- Born: 4 January 1972 (age 54) Sheffield, England, UK
- Occupations: Actress; presenter;
- Years active: 1999–present

= Charlotte Hudson =

British actress (born 1972)

Charlotte Hudson (born 4 January 1972) is a British actress and television presenter. Hudson was born in Sheffield. Her brother is actor Robert Hudson.

==Education and early career==
After attending Fitzwilliam College, Cambridge, Hudson started in television co-presenting BBC's Watchdog with Anne Robinson, replacing Alice Beer in 1999. She presented What's the Story- and Are You Being Cheated for Channel 5.

==Career==
She presented the Sky One television series Brainiac: History Abuse, a spin-off from the award-winning Brainiac: Science Abuse, which she also co-presented. Hudson has also appeared as an actress in various UK TV shows. She appeared as a guest on both Big Brother's Little Brother and Big Brother's Big Mouth.

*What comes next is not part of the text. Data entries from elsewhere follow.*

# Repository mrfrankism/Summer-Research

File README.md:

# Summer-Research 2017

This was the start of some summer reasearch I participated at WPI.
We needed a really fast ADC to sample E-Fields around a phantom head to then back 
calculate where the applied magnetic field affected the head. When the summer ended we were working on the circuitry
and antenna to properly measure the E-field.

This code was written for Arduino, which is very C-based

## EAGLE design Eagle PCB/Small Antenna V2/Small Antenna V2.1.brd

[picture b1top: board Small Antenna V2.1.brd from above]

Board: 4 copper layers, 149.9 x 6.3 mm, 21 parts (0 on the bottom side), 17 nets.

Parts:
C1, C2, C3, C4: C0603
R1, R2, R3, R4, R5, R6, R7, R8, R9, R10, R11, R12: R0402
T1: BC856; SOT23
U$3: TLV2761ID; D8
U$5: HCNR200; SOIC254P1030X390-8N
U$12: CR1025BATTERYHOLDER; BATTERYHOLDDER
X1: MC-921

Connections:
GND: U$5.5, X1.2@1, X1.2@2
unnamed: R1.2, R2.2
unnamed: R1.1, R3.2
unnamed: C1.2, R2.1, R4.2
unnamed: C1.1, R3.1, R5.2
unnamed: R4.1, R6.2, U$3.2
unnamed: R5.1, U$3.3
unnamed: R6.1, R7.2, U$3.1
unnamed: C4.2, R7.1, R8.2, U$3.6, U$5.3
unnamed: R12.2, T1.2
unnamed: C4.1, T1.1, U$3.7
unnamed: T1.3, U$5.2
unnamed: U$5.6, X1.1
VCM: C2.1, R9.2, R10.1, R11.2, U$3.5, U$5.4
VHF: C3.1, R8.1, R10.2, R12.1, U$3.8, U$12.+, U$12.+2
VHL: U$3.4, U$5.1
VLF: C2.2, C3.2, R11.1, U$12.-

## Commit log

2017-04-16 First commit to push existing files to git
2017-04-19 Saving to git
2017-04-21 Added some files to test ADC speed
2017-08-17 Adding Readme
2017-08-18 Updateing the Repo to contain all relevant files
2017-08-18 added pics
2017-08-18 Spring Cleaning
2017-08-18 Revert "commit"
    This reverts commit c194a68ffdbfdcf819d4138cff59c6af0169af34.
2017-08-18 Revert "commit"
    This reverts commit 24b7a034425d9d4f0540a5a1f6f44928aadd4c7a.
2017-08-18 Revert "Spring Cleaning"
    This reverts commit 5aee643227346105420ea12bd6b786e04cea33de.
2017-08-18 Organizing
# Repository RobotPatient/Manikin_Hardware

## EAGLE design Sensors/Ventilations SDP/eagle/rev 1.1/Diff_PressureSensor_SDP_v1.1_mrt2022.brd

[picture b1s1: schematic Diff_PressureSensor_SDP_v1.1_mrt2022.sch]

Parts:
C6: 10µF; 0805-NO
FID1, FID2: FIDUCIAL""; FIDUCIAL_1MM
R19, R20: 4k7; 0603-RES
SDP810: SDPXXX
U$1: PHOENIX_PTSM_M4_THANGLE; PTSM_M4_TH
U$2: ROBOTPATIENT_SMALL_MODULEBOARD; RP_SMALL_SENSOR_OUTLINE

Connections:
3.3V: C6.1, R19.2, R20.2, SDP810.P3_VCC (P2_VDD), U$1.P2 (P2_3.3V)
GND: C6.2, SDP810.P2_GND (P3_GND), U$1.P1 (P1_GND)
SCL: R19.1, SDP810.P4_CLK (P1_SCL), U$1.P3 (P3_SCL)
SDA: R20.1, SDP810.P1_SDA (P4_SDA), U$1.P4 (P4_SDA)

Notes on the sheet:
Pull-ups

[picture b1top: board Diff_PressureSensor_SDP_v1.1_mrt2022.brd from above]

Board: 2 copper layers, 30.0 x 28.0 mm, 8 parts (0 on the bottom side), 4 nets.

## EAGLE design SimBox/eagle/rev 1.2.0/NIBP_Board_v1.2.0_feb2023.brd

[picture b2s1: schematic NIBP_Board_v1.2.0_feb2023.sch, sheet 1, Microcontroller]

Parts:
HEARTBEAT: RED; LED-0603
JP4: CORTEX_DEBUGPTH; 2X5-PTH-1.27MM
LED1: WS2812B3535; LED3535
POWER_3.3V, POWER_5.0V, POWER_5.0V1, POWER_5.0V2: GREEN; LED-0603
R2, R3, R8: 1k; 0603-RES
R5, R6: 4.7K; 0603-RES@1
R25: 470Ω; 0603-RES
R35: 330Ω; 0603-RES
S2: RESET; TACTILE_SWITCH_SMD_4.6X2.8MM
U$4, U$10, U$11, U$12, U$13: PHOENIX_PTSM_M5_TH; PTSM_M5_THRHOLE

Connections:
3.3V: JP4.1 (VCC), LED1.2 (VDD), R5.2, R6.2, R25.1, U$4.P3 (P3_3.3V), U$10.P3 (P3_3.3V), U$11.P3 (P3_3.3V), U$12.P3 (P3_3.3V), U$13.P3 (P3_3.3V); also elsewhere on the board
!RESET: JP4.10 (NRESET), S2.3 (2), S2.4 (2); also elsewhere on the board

Hudson also appeared in the sketch show Bruiser opposite Mitchell & Webb, Olivia Colman, Martin Freeman and Matthew Holness. She was one half of comedy sketch double act Two Left Hands with comedian Leila Hackett, performing at the Edinburgh Festival Fringe in August 2007 and 2009.

In summer 2009, Hudson provided the in-game voiceover for the ITV show Divided. Between 2010 and 2012, she narrated the ITVBe programme Dinner Date.